(PROVIDED DATA)
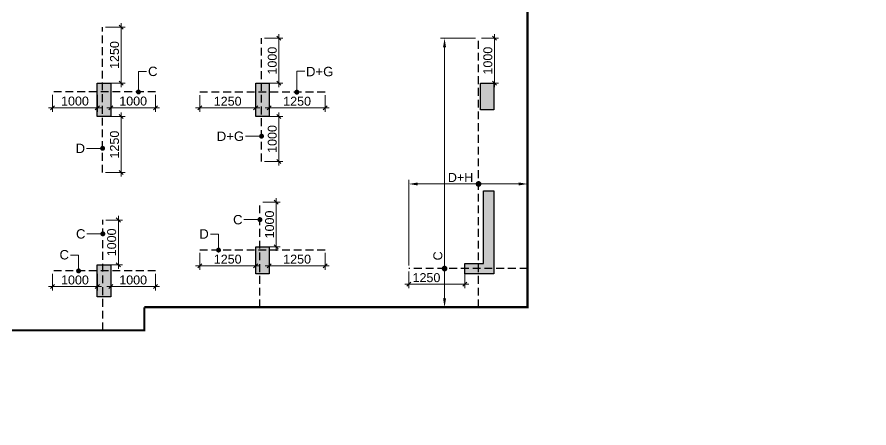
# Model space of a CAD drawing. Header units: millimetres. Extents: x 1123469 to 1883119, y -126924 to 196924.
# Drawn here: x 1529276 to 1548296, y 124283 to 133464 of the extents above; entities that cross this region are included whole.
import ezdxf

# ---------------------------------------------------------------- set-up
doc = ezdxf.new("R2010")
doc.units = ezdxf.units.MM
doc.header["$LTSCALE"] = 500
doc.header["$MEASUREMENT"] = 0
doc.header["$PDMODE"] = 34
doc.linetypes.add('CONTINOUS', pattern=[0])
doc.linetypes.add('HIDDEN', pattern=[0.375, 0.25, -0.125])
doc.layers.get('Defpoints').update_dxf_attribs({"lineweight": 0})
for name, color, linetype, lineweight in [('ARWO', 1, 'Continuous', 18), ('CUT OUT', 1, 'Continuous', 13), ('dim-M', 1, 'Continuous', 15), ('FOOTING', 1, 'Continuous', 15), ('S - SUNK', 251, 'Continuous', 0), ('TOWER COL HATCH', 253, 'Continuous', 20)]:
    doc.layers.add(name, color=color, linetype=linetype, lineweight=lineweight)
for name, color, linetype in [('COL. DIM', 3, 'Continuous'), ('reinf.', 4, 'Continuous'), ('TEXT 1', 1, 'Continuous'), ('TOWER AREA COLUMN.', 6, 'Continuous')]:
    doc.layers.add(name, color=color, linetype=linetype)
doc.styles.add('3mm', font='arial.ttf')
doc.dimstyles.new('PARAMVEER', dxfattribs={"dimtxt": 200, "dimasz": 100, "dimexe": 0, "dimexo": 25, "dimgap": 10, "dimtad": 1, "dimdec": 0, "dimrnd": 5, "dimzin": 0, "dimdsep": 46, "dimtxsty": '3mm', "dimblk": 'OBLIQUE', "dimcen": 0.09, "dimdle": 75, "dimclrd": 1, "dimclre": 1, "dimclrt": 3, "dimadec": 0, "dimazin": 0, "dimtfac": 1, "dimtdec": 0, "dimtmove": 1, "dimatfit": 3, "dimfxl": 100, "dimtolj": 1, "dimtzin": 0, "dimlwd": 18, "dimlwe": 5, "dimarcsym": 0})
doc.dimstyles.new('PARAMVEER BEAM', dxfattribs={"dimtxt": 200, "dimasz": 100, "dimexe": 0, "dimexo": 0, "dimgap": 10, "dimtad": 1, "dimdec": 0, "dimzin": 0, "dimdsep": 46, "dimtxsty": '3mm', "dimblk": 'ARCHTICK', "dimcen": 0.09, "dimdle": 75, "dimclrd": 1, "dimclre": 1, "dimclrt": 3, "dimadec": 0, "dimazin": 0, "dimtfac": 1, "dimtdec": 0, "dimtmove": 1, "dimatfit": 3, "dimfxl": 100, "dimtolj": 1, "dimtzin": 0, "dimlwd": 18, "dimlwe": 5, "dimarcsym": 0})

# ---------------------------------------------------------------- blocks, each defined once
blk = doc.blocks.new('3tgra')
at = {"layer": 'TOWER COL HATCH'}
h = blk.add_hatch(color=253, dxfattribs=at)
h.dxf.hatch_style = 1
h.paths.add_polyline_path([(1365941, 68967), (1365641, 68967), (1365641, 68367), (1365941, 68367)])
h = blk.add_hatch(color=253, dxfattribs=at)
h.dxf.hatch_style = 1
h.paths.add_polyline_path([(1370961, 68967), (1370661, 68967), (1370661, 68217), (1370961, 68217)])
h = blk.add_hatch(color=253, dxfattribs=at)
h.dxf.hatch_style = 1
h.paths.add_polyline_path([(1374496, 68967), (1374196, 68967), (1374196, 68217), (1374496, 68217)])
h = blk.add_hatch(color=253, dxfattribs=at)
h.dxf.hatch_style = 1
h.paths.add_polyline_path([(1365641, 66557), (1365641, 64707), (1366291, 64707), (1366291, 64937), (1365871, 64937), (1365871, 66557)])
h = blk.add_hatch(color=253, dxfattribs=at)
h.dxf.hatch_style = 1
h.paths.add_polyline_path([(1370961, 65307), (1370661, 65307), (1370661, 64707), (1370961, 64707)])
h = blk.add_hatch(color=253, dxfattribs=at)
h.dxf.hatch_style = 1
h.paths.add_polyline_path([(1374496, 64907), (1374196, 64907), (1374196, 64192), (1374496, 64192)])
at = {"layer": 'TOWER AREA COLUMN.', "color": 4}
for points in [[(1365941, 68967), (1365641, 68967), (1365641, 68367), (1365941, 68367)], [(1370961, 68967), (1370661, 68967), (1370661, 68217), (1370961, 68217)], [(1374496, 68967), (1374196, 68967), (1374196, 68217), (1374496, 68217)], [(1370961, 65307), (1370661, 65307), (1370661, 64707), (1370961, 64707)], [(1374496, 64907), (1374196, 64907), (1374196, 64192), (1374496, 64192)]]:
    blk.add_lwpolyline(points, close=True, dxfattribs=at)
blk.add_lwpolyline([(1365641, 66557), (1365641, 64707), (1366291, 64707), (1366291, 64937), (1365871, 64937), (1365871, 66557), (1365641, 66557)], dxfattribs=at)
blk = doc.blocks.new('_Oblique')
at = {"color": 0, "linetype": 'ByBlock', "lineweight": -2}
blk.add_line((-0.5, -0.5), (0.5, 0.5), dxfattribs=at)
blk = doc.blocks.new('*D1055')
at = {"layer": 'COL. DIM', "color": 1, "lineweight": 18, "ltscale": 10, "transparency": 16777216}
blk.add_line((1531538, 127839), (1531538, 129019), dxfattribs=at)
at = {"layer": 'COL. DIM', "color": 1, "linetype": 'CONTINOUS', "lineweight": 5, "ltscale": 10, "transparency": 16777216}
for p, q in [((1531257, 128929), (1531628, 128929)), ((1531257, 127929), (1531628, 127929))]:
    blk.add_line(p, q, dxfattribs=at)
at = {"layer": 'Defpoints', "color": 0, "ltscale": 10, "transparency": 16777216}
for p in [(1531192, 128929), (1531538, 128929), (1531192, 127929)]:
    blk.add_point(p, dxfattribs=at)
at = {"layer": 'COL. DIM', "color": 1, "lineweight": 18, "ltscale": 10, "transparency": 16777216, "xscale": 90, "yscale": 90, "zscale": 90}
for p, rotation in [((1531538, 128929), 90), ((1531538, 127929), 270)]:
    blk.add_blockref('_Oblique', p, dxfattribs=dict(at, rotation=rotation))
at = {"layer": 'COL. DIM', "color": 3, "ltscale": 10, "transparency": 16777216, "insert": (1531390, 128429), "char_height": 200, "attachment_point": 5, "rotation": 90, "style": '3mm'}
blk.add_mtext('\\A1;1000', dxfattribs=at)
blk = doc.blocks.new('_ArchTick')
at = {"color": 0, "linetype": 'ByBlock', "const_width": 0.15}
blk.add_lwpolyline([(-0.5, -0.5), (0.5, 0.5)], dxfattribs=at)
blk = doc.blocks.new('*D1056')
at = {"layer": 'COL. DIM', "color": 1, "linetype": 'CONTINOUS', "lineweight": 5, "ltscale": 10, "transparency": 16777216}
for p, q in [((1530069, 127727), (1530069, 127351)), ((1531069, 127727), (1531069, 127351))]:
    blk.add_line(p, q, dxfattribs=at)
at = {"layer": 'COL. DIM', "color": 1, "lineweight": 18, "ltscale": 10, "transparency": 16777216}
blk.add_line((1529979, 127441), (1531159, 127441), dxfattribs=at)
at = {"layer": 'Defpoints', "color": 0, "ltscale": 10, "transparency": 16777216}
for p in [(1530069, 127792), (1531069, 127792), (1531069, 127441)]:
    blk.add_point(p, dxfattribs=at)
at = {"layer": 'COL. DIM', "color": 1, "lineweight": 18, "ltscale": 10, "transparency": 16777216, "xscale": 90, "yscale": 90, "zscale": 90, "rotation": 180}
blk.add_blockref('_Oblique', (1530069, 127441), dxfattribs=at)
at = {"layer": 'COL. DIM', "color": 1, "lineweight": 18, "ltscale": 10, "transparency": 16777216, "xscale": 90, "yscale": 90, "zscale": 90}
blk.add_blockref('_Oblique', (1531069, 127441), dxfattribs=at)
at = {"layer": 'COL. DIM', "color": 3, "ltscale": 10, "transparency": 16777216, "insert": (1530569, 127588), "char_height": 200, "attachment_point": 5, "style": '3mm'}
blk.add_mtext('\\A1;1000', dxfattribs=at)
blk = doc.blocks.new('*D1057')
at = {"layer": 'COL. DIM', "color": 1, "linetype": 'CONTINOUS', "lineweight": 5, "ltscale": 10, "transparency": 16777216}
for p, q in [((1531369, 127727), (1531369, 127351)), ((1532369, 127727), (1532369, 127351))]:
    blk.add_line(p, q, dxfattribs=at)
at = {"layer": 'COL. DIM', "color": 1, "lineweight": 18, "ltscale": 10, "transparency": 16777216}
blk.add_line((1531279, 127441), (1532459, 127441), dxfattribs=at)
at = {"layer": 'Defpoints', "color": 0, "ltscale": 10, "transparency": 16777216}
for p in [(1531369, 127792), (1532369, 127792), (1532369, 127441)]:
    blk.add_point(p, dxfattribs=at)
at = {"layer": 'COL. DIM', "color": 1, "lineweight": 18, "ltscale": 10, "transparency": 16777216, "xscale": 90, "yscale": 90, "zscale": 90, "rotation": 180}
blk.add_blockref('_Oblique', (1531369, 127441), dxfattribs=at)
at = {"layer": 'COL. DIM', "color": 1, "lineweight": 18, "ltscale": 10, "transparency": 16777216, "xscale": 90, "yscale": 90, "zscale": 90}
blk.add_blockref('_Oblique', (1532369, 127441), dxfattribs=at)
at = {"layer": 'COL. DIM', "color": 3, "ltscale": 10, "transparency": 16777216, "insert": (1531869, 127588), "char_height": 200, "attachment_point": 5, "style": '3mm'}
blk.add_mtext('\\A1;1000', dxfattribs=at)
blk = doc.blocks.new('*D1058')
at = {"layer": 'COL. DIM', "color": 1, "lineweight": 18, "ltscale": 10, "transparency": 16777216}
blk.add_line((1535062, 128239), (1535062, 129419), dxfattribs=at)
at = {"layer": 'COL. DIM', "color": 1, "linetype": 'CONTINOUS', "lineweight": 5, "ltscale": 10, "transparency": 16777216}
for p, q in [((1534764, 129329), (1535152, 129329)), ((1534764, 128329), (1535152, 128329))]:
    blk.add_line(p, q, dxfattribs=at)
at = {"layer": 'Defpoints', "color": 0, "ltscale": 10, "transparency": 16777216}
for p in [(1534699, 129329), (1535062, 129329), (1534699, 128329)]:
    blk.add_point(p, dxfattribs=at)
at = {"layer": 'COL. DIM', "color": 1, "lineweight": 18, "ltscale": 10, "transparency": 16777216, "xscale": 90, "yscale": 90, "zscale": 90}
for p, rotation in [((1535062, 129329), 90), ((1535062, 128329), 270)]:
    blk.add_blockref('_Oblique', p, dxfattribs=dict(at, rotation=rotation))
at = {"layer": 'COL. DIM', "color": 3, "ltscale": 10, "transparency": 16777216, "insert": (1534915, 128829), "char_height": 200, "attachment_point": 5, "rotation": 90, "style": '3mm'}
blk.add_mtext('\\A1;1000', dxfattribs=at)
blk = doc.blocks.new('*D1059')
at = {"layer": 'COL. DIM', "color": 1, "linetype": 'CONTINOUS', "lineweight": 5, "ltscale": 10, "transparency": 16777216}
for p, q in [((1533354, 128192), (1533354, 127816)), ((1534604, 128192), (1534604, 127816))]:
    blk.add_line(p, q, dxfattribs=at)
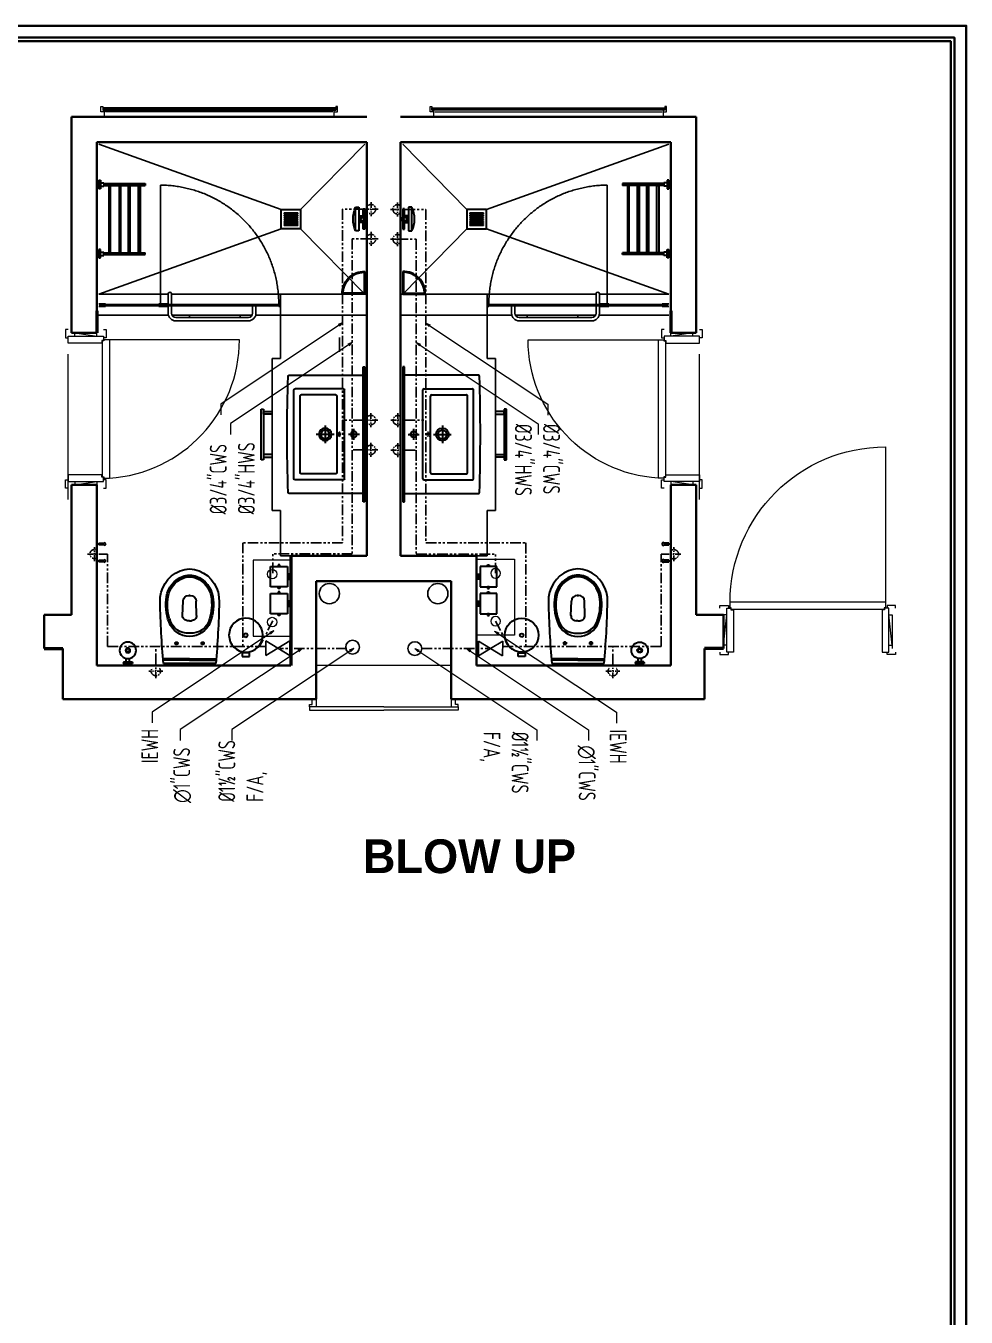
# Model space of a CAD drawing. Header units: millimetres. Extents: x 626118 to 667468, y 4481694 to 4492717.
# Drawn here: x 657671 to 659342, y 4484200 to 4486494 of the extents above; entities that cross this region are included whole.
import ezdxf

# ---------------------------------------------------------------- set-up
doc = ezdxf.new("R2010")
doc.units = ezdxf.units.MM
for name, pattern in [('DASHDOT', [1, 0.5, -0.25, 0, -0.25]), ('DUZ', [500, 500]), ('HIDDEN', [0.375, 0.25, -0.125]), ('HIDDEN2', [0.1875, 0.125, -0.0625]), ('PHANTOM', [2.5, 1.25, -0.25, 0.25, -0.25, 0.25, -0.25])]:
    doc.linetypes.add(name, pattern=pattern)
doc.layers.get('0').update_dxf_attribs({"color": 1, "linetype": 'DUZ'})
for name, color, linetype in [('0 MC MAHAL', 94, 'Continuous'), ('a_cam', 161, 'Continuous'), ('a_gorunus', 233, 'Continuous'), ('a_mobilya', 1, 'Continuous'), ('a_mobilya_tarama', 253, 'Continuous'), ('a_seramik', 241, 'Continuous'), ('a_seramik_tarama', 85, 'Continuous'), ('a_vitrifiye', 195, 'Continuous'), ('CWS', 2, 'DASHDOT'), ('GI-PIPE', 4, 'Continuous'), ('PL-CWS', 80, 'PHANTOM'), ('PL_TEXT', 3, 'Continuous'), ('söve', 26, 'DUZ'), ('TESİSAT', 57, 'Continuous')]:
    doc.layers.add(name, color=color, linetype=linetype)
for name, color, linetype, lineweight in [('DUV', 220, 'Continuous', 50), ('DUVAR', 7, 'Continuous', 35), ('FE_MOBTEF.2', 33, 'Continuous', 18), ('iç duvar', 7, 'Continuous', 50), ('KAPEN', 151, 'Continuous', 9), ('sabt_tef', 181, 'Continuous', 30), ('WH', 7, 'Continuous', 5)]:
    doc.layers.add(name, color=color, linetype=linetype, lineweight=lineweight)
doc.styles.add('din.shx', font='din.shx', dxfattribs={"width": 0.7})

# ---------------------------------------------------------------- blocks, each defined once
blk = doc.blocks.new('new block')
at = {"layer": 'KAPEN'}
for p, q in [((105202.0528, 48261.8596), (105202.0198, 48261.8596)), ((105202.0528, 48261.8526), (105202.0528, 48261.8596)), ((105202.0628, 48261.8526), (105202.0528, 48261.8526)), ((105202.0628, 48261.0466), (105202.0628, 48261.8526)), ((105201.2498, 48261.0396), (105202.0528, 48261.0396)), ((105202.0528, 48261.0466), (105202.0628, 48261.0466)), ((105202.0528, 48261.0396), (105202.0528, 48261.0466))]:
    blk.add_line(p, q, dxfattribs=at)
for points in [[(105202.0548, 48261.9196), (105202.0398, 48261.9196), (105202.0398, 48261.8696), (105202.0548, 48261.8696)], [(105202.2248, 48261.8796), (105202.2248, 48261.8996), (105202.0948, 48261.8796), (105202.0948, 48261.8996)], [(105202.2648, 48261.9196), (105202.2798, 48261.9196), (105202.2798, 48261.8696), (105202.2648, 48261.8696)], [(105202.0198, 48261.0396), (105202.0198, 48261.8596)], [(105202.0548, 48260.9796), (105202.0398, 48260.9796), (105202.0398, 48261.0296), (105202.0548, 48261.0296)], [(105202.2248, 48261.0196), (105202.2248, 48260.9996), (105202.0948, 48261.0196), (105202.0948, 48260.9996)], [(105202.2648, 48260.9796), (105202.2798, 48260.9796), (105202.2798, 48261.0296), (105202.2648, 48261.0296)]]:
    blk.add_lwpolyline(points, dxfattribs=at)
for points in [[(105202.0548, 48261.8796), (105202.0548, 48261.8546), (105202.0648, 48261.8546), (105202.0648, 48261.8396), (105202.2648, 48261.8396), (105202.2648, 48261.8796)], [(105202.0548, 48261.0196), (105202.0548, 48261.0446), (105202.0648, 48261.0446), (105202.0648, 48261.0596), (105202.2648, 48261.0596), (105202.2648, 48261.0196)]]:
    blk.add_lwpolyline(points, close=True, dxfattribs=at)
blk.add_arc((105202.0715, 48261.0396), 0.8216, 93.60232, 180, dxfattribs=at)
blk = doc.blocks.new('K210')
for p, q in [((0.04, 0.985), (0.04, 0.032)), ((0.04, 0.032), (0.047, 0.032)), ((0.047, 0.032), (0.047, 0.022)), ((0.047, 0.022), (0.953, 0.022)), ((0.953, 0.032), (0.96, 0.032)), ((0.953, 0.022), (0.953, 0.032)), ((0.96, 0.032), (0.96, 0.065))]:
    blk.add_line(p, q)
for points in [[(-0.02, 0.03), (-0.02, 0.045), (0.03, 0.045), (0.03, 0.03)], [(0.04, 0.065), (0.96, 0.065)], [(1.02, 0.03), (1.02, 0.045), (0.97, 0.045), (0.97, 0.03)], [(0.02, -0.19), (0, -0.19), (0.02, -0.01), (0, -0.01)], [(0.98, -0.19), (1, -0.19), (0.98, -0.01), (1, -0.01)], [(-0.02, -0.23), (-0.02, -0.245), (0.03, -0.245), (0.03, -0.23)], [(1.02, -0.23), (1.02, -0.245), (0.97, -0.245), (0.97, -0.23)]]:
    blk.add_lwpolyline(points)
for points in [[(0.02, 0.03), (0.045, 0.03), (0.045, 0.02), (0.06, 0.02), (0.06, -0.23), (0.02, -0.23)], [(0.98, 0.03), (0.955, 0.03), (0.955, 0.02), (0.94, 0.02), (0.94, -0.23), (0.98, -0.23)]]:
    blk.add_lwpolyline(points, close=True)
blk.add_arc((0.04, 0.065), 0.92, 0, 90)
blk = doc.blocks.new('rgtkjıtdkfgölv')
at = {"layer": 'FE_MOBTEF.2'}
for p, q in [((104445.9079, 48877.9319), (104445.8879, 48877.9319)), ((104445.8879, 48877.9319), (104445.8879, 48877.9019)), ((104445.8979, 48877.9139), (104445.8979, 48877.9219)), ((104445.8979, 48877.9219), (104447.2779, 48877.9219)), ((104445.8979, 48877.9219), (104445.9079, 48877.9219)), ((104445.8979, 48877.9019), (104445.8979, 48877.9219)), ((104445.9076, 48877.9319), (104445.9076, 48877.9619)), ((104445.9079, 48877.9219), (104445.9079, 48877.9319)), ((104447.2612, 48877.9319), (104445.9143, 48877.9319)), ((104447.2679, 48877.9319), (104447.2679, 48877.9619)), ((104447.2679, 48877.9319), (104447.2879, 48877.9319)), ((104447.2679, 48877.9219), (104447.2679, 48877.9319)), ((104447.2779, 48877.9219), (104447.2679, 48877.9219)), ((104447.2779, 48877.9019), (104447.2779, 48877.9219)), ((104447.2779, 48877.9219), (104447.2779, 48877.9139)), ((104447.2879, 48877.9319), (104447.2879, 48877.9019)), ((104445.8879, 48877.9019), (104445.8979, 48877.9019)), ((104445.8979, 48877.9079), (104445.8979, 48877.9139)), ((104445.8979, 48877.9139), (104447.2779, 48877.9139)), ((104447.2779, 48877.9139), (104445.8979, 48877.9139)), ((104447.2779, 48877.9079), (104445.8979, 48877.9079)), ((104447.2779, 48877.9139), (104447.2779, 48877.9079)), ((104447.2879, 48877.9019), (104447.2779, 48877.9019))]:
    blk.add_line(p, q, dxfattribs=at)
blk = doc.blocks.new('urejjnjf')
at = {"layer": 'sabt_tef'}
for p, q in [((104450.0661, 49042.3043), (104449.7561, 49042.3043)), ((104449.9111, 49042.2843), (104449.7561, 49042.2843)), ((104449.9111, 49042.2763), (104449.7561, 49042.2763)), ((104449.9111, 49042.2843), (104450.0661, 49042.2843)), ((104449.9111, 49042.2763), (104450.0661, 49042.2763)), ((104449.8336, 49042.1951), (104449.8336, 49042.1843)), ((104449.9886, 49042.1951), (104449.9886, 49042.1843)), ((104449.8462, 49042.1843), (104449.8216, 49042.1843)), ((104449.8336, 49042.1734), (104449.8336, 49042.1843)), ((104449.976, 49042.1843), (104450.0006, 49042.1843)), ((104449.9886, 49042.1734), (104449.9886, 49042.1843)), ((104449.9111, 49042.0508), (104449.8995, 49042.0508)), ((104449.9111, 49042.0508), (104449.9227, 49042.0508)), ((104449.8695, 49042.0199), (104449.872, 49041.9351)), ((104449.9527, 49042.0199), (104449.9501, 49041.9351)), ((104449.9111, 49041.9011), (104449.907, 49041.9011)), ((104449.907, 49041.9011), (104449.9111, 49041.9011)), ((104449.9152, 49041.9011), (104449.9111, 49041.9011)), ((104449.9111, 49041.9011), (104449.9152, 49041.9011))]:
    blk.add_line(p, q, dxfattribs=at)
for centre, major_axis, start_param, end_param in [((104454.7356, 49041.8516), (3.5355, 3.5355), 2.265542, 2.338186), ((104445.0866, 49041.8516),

(WHAT YOU HAVE TO DO) Scan the listing above, and wherever a line holds the word "DASHDOT", copy it.

(EXERCISE ANSWER)
for name, pattern in [('DASHDOT', [1, 0.5, -0.25, 0, -0.25]), ('DUZ', [500, 500]), ('HIDDEN', [0.375, 0.25, -0.125]), ('HIDDEN2', [0.1875, 0.125, -0.0625]), ('PHANTOM', [2.5, 1.25, -0.25, 0.25, -0.25, 0.25, -0.25])]:
for name, color, linetype in [('0 MC MAHAL', 94, 'Continuous'), ('a_cam', 161, 'Continuous'), ('a_gorunus', 233, 'Continuous'), ('a_mobilya', 1, 'Continuous'), ('a_mobilya_tarama', 253, 'Continuous'), ('a_seramik', 241, 'Continuous'), ('a_seramik_tarama', 85, 'Continuous'), ('a_vitrifiye', 195, 'Continuous'), ('CWS', 2, 'DASHDOT'), ('GI-PIPE', 4, 'Continuous'), ('PL-CWS', 80, 'PHANTOM'), ('PL_TEXT', 3, 'Continuous'), ('söve', 26, 'DUZ'), ('TESİSAT', 57, 'Continuous')]:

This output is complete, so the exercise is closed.